When I previously wrote on the question, before having read Gillespie on Petrarch, I quoted Charles Taylor on the innovation: in question:
“the adequate human life would not just be a fulfilment of an idea or plan which is fixed independently of the subject who realizes it, as is the Aristotelian form of a man. Rather this life must have the added dimension that the subject can recognize it as his own, as having unfolded from within him. This self-related dimension is entirely missing from the Aristotelian tradition.”

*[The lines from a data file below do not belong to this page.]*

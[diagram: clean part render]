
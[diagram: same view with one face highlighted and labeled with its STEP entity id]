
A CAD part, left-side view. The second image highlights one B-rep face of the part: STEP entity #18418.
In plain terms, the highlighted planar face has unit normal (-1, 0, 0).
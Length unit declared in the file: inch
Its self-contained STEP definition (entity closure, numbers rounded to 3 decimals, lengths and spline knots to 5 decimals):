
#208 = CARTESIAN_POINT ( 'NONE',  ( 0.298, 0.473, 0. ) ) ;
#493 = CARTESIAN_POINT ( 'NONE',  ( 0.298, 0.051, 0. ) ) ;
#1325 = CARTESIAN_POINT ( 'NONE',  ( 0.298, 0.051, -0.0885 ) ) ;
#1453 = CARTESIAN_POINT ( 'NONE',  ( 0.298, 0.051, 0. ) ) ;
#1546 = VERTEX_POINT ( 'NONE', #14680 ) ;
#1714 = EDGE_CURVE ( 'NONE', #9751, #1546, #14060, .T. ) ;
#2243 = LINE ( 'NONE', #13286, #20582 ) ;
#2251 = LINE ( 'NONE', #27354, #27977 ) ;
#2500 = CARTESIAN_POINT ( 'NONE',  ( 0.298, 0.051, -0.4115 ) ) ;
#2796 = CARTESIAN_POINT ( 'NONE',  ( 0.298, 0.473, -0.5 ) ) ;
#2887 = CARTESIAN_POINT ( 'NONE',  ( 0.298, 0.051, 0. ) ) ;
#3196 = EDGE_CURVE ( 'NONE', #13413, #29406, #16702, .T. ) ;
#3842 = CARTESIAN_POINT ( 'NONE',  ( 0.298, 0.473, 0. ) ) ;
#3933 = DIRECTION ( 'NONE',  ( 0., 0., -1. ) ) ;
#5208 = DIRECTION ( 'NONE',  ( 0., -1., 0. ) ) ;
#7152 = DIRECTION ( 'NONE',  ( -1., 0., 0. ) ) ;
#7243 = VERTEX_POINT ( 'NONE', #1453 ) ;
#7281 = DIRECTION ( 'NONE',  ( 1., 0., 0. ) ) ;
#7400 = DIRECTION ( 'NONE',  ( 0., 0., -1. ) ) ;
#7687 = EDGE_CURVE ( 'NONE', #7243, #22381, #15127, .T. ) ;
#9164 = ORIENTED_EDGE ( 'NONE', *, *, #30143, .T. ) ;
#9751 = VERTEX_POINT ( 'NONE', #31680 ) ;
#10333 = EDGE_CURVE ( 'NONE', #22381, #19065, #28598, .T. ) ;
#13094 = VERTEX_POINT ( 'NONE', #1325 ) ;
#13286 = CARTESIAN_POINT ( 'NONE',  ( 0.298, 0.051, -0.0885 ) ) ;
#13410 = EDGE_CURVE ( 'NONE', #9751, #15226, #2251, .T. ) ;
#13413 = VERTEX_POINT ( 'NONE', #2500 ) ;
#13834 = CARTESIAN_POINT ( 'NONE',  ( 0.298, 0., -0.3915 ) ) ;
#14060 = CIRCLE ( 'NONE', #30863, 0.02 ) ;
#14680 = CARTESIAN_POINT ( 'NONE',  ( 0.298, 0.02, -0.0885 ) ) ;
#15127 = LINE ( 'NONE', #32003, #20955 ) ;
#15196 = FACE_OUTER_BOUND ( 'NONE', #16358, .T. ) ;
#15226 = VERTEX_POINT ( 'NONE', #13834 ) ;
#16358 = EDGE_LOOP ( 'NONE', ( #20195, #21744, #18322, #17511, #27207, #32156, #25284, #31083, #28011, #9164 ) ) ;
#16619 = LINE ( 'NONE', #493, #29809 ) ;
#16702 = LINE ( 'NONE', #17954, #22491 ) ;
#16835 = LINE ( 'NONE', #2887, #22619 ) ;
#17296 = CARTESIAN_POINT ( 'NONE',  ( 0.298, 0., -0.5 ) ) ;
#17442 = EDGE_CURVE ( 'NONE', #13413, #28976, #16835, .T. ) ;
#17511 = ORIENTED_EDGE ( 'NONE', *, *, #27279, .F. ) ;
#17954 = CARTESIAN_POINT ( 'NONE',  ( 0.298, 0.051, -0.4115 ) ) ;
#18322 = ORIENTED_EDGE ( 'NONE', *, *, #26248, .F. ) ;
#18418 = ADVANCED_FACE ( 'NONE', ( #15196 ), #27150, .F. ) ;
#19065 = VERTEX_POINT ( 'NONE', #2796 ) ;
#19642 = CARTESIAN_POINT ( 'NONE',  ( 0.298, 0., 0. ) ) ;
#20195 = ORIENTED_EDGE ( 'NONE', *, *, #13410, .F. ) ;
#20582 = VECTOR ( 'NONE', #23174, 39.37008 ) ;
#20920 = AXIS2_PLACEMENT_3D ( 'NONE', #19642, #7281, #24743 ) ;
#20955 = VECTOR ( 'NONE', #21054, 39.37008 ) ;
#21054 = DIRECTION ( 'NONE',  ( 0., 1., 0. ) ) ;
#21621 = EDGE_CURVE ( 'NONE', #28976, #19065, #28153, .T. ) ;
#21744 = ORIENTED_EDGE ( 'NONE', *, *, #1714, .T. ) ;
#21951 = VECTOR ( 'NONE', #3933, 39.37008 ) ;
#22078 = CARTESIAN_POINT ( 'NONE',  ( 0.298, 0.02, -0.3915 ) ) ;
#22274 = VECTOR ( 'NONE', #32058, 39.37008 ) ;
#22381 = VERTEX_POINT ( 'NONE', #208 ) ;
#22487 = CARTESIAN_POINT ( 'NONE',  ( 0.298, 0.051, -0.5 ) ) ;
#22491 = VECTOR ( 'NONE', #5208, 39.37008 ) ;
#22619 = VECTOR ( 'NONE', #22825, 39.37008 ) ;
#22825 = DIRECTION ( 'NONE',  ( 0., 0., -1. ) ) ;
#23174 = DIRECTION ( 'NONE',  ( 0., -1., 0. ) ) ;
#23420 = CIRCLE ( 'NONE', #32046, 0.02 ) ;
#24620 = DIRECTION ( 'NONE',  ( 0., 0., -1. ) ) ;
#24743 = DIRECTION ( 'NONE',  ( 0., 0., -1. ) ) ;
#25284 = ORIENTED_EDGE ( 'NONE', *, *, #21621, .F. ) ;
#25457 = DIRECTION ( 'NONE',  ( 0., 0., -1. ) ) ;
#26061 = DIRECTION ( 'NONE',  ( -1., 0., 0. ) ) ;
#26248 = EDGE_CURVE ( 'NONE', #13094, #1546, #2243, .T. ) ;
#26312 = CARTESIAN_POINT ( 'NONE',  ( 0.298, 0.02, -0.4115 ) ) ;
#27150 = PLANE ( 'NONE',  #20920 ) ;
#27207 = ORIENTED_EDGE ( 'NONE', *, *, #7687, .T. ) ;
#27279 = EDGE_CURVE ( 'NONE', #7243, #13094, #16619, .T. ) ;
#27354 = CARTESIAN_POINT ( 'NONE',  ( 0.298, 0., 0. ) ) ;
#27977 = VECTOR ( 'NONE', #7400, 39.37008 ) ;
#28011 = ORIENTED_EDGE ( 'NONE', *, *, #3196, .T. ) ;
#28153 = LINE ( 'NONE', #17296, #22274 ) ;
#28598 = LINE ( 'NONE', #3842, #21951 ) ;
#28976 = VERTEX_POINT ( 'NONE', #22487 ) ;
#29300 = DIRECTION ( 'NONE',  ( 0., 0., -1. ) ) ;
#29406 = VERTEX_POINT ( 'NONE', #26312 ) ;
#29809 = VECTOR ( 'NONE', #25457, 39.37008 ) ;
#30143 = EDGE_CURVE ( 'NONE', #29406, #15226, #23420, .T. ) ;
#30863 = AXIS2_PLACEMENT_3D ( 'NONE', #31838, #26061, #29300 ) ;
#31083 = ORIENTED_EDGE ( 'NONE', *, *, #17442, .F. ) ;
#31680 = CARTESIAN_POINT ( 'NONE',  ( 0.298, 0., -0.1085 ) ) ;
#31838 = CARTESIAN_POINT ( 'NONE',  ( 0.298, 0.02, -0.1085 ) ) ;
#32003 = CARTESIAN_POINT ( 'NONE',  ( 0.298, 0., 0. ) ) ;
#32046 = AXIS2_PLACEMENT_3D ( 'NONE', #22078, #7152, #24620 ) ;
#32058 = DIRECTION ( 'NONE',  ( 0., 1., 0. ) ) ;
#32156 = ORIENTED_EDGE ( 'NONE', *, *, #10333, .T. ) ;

I suspect that that inner dimension, that determining what the best life is for us as individuals is in some sense up to us as individuals, is what is new in Petrarch.
Doug Bates said:
Perhaps the solution is in the first paragraph of your article. Perhaps it was Christianity that drove out individualism. Petrarch was reviving individualism from pre-Christian norms.
Amod Lele said:
I’m not seeing what Taylor calls the “self-related dimension” in pre-Christian norms: the idea that the good is different for different people in a way that comes out of their natures.
Seth Zuihō Segall said:
Amod, thanks for your suggestion that if we are looking for the distant ancestry of expressive individualism, Petrarch is the place we might start. I can’t think of an earlier one, but I’ll keep looking. I have been reading Lionel Trilling’s (1971) Sincerity and Authenticity which certainly bears on this topic. He begins his exploration with Polonius’s line “to thine own self be true”—so we see an inkling of expressive individualism in Shakespeare—and then Trilling discusses how we could never ask the question of whether Achillies or King David were being true to themselves in the same way we can ask that about Hamlet.
Amod Lele said:
By all means keep looking! My guess is that Petrarch is the first to articulate it as an ethical ideal (centuries before Shakespeare) but that the metaphysical grounding for the ideal is laid for him by Duns Scotus.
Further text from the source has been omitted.